When I might mention to Brad about how I'm feeling, I am clear to state that I'm not complaining ---  I'm just stating the facts. :)  I have decided to enjoy and revel in as much of this time as possible.  Brad and I both intend on this being our last pregnancy.  While we both feel as though this won't be the end of growing our family (a story to share much later when we begin to contemplate how additional children might make their way into our family), we have been down a long road of pregnancies and loss (maybe another story to share, someday) and the fact that we are simply growing older, we are both comfortable in sharing that this'll be it for my child-bearing years.  It feels like such an adult-like decision to make, which is silly to say.  I am an adult, after all, it's just that there's a finality to that decision.  While nine and a half days out of 10 I would say that I suck at being a mom, I know without a doubt that a mom is exactly what God intended me to be.  So saying "no more babies" is a big deal.  But I find peace with that decision.  And like I said, someday we'll grow in numbers again, just in a different way.   

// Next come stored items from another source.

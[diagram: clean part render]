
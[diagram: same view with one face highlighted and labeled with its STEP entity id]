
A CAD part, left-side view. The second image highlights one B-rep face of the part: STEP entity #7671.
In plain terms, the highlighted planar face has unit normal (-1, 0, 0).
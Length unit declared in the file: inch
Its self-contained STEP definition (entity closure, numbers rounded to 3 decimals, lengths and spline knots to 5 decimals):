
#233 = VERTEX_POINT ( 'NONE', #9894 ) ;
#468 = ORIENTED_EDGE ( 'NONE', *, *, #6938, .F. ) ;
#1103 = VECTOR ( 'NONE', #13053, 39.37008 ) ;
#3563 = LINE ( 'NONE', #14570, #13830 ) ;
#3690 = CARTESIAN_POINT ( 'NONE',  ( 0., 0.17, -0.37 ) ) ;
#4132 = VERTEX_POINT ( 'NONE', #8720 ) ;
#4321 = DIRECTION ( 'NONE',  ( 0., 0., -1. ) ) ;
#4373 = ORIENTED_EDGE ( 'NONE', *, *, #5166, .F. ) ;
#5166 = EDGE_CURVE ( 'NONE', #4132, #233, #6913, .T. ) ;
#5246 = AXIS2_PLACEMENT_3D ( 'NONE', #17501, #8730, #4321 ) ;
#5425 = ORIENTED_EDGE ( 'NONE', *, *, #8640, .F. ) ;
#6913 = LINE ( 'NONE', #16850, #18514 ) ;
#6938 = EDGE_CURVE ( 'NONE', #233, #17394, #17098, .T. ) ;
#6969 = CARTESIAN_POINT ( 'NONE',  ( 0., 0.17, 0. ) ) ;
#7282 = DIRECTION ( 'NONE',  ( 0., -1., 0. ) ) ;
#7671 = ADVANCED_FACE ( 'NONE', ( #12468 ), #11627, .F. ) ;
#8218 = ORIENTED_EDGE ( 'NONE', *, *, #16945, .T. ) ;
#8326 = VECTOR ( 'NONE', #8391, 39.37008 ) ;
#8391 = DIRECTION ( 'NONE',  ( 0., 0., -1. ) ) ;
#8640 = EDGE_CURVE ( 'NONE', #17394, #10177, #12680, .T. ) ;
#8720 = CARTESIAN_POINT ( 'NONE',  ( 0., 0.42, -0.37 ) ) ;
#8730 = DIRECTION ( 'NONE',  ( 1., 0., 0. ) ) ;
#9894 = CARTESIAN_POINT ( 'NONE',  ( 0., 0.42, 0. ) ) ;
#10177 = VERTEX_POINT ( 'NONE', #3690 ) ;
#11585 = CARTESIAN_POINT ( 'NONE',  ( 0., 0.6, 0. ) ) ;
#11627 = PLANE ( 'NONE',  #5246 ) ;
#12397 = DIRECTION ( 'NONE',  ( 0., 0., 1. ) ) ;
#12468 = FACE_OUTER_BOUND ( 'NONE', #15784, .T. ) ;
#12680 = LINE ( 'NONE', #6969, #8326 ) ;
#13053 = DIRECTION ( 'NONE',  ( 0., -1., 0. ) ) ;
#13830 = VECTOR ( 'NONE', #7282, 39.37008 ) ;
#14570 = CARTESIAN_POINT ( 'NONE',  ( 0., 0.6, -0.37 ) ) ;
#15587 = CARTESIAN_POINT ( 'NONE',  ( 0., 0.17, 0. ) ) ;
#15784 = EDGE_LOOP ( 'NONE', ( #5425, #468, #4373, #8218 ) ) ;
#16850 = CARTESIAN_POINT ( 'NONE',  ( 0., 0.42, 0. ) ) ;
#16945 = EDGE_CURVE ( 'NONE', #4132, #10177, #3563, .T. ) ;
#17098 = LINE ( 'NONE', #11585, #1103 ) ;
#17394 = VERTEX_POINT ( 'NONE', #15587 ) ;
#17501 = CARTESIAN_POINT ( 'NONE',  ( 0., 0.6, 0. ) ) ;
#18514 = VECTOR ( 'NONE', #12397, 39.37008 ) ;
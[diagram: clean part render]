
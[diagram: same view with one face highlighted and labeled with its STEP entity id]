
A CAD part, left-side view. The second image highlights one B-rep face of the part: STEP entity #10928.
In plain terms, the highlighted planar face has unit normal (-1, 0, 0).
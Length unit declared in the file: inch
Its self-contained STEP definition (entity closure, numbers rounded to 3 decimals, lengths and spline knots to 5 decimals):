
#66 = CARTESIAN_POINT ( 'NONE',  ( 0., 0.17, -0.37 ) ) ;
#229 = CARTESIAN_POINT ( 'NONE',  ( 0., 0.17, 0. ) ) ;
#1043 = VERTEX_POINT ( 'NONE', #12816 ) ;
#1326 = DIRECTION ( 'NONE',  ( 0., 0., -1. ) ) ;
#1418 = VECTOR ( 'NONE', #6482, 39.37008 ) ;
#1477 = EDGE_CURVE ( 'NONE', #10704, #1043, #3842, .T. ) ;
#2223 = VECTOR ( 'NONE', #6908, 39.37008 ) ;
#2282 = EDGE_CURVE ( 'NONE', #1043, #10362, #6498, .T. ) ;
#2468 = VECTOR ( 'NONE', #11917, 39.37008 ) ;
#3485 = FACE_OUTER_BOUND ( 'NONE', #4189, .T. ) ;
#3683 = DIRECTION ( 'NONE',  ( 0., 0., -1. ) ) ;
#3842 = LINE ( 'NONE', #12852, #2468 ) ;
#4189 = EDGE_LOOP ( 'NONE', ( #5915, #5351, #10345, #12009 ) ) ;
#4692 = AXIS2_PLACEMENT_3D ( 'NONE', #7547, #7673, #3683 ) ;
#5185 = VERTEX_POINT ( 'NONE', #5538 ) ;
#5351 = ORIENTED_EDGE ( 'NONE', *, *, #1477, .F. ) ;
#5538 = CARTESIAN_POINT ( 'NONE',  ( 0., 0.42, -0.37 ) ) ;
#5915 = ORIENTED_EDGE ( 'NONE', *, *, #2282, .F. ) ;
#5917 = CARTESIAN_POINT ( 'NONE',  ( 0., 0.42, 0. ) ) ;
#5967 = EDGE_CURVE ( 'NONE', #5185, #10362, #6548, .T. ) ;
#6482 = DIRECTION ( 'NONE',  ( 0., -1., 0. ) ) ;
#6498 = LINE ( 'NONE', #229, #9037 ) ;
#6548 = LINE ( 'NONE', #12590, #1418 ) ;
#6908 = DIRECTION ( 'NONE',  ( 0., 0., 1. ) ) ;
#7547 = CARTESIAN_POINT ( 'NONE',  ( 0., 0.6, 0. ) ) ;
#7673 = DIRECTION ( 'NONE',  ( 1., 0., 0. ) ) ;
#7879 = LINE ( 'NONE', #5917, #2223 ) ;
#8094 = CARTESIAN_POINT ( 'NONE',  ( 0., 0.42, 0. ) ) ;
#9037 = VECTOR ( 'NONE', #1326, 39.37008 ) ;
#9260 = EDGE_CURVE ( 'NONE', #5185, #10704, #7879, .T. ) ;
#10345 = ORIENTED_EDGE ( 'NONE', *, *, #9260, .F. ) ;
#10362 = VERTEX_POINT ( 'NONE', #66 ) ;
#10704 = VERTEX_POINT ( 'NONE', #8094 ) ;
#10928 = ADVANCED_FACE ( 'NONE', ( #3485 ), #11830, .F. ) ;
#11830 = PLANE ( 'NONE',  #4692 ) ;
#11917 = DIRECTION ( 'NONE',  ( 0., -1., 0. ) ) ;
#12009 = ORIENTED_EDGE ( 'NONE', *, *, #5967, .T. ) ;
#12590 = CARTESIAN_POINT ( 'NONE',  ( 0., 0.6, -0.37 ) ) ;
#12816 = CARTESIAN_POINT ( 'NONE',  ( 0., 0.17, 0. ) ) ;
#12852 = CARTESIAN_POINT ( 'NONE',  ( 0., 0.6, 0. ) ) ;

Baby Bear is looking good.  I am on an every 5-weeks schedule of appointments, which will change to every 2-weeks once I reach 30 weeks.  I last saw my doctor a couple weeks ago, and Baby measured and sounded great.  For a while there, Baby was the most active just as I was getting up in the morning and as I was going to bed at night; a trend I prayed would not continue outside of the womb!  Now, though, there doesn't seem to be much of a pattern to his/her activity.  Simply enjoying this time of flicks and kicks before they get so strong it feels like my insides are going to pop out of my belly button.       

I still have no natural motherly instinct as to Baby's gender.  I find myself referring to Baby as "she" much more frequently than "he".  That is because, I figure, it'll likely be the last time I'll be able to do so!  Some might say it's a girl because this pregnancy has progressed so differently than the boys' did.  I got together with my best girls a couple weekends ago for a girls weekend, whereby we attempted many of the old wives notions for predicting baby gender.  Of the 10 we found, we could only accurately perform three of them, and they all pointed in the pink direction.

Reed says if it's a girl, he's going to punch her in the face.

{To be sure, he still frequently hugs and kisses my belly and talks sweet baby words to his little sibling.  But he's also kind of a punk. ;) }

Obviously biology and genetics and how babies are made and, most importantly, God, has the final say in who this baby will be, and in 14 short weeks, we'll all find out.  For me, for right now, it really is the best kind of secret.


2 comments:

  1. Yay! A post just for me. Sorry it's taken me so long to get to it and may I say you look GREAT! :-) Thanks for the belly pics!!!

    ReplyDelete
  2. That is a perfect baby body. I sure hope this gets to you, since I have no idea what I am doing. But it sure is good to see you. Love your blog. Please give those boys hugs and kissed for me. And tell Brad I said Hi, too. Love, Chris Allen.